3. Mob violence was never instigated by these meetings, but prevented. No man suffered in person or property from them in Missouri.
In confirmation of this position it is only necessary to state the fact that the best class of citizens were the prime movers in these public meetings, and, indeed, they were only called when it became apparent that the peace and safety of the community demanded it; for in every community there are passionate, reckless men, who are ready to take the law into their own hands and vindicate their rights, at whatever danger to the public safety. But the best men of the country, and those who had the deepest interest in its peace and security, entered the most heartily into these meetings, as peace measures, and they now, and will ever, believe that such meetings were necessary to prevent mob violence and insure the general tranquillity.
The author of the Fabius Township resolutions, a distinguished citizen and lawyer of Marion county, and a colonel commanding a regiment of Missouri Militia in the Union army during the war, not only authorizes the above statement, but affirms freely that, though he had been an anti-slavery man for many years, and rejoices in the emancipation of the slaves as he does in the restoration of the Union, yet he endorses that meeting and those resolutions to-day, and would conscientiously pursue the same course again should a similar state of things exist in the community to demand it. An old citizen of Missouri, a member of no church—friendly to all—a Union man from first to last, speaking, working and fighting to restore and preserve the supremacy of the Federal government, he would make affidavit to-day that, to the best of his knowledge, the three facts above stated are fully vindicated in the Fabius Township and all similar meetings held for similar purposes in Missouri. Thousands of the best citizens of the State are ready to affirm the same facts and vindicate the good people of Missouri against the aspersions of the Northern press.
Similar meetings to that of Fabius township were held in Andrew county, in Independence, Jackson county, in Cass county, and perhaps other places, and with similar results. In no single instance was the M. E. Church, South, implicated. In no single instance were the ministers of the M. E. Church, North, mobbed or murdered, and in no single instance was mob violence against the “vilest abolition thieves” counseled or countenanced; and with all honest people who know the facts the hue and cry raised in certain quarters about religious intolerance, mob violence, persecution of ministers, and the martyrdom of innocent and holy men is as gratuitous as it is contemptible.
When the lower House of the Missouri Legislature, in February, 1855, refused, by a vote of sixty to thirty-six, to charter what was called the Jackson Seminary, in Cape Girardeau county, for the Northern Methodists, it was not because the representatives of the people opposed the establishment of literary institutions, or wished to proscribe any form of religion, but because, as then stated, the Northern Methodist preachers were the emissaries of abolitionism, and by encouraging them in establishing institutions in Missouri they encouraged their purposes and organization to subvert the lawful institutions of the State, which the lawmakers did not hesitate to affirm would be encouraging a cowardly, clandestine treason against the laws and government of the State. Four years later the Legislature refused to charter a university at Jefferson City for the Northern Methodists, for the same reason.

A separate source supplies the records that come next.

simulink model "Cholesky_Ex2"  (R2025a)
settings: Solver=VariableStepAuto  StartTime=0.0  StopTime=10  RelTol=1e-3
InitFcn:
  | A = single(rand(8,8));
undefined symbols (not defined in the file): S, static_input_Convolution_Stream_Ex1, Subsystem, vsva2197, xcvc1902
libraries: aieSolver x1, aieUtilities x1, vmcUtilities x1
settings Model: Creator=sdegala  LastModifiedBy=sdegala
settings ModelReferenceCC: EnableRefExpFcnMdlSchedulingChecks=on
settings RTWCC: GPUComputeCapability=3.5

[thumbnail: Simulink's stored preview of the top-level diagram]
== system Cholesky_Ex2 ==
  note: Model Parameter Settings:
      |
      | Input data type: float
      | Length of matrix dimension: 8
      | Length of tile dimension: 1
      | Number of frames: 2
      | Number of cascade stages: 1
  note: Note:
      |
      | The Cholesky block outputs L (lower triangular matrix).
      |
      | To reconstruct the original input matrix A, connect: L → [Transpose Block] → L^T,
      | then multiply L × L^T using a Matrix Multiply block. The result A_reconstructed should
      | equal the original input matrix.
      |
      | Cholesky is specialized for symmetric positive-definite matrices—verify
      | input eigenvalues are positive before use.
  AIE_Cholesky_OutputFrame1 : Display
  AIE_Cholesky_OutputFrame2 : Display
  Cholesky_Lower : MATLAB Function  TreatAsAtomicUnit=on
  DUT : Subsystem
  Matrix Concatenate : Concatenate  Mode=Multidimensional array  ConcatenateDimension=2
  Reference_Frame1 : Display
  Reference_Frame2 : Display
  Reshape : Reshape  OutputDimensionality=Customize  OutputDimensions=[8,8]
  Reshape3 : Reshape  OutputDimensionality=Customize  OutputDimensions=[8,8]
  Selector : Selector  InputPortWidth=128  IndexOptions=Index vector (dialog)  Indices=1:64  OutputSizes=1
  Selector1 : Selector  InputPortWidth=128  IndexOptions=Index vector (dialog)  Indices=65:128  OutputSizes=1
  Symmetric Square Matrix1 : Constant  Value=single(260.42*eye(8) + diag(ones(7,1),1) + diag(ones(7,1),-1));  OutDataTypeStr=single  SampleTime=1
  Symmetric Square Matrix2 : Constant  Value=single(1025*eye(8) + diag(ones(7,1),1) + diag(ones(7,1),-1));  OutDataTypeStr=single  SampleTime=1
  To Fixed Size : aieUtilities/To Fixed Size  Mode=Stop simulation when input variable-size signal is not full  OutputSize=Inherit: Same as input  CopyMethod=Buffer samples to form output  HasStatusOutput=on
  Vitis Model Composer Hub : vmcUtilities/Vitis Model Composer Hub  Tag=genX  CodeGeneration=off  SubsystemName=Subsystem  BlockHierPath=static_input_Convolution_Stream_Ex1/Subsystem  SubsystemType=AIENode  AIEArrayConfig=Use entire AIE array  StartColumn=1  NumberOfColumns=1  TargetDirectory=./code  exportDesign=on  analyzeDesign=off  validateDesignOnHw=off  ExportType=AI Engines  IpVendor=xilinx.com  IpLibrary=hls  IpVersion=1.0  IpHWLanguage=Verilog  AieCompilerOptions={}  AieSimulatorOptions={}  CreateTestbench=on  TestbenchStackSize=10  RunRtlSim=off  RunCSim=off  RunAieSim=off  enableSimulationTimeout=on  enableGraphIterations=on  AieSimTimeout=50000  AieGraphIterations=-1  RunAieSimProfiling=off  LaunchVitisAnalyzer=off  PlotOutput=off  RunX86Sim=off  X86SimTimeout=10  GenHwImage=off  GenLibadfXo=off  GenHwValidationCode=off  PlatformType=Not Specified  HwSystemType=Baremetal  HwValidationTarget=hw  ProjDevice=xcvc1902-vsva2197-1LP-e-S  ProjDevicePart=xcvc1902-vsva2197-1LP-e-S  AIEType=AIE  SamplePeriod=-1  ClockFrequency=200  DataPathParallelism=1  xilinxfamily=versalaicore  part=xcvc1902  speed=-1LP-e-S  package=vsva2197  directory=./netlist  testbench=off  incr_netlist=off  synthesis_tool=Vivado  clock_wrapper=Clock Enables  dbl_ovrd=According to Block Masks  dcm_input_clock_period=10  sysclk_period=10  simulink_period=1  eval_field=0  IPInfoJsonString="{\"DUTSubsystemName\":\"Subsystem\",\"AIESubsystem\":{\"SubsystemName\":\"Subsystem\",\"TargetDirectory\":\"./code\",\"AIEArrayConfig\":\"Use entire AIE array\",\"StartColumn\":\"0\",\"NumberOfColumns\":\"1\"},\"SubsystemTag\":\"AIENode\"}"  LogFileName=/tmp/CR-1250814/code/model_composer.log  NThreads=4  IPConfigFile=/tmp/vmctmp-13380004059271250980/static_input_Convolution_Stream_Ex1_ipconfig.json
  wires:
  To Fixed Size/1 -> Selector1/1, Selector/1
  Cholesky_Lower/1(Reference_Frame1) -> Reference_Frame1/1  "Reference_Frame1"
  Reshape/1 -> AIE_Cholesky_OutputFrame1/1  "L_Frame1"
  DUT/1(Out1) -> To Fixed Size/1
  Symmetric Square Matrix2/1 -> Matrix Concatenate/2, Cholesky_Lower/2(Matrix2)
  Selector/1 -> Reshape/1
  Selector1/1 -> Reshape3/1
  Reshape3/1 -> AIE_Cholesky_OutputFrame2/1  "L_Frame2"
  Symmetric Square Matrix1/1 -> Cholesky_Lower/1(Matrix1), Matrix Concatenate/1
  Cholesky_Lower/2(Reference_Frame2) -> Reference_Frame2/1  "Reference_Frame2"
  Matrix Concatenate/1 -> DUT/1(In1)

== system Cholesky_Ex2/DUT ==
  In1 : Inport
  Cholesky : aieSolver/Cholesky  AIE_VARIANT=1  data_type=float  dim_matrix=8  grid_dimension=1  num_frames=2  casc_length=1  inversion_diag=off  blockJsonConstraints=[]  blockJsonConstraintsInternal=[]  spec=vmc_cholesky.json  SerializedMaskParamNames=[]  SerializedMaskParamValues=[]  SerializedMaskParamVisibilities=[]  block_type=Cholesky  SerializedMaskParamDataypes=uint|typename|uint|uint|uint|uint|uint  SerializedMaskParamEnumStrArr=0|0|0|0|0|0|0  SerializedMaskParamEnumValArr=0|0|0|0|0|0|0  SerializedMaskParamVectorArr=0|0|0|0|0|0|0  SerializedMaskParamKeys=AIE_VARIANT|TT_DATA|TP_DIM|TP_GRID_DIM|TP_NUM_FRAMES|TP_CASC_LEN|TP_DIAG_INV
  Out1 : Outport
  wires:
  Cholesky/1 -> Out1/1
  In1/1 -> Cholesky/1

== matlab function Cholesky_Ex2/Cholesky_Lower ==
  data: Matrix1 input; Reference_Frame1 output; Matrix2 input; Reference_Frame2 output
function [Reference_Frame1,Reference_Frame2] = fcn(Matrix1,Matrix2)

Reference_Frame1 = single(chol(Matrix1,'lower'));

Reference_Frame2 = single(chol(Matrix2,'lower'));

The “Jefferson City Land Company,” to encourage immigration, build up the city and enhance the private fortunes of its members, proposed a liberal grant of land to the Northern Methodists, or any others, who would build up and endow, with foreign capital, a university at the State Capital. Though many of the members of this Land Company were slaveholders, and some of them large slaveholders, they believed that the introduction of free labor into the State would greatly facilitate the development of her material resources, by building railroads and opening her vast beds of coal, and lead, and iron to the markets of the world. They conceived the idea of inviting and encouraging free labor from the Northern States through the active agency of the Northern Methodist Church.
The class of immigrants they desired were opposed to negro slavery, and the Northern Methodist Church was opposed to negro slavery. Methodist ministers, more than any other ministers, were in sympathy with the anti-slavery surplus populations of the Northern and Eastern States, and could influence them more. Hence the alliance.
The proposition to donate so much land for a university, even at a fictitious value, was a splendid prize for that church in Missouri, backed, as it was, by the names and influence of some of the first men of the State, and located at the seat of political power—the State Capital.
On the other hand, the promise of the most extensive and efficient agency in the world actively working throughout the dense populations of the older States to put into operation a system of emigration that would fill up the State with industrious laborers, absorb the surplus lands and enrich the centers of settlement, was a tempting premium upon the cupidity of the “Jefferson City Land Company,” for which they could afford to give up their slaves and their former principles.
The inevitable logic of facts does not compliment either the benevolence of the Land Company or the religion of the Church. The members of the Land Company may have been anti-slavery from principle, and their benevolent donation may have been unselfish: if so, they were unfortunate in their schemes; if not so, they were unskilled in dissimulation.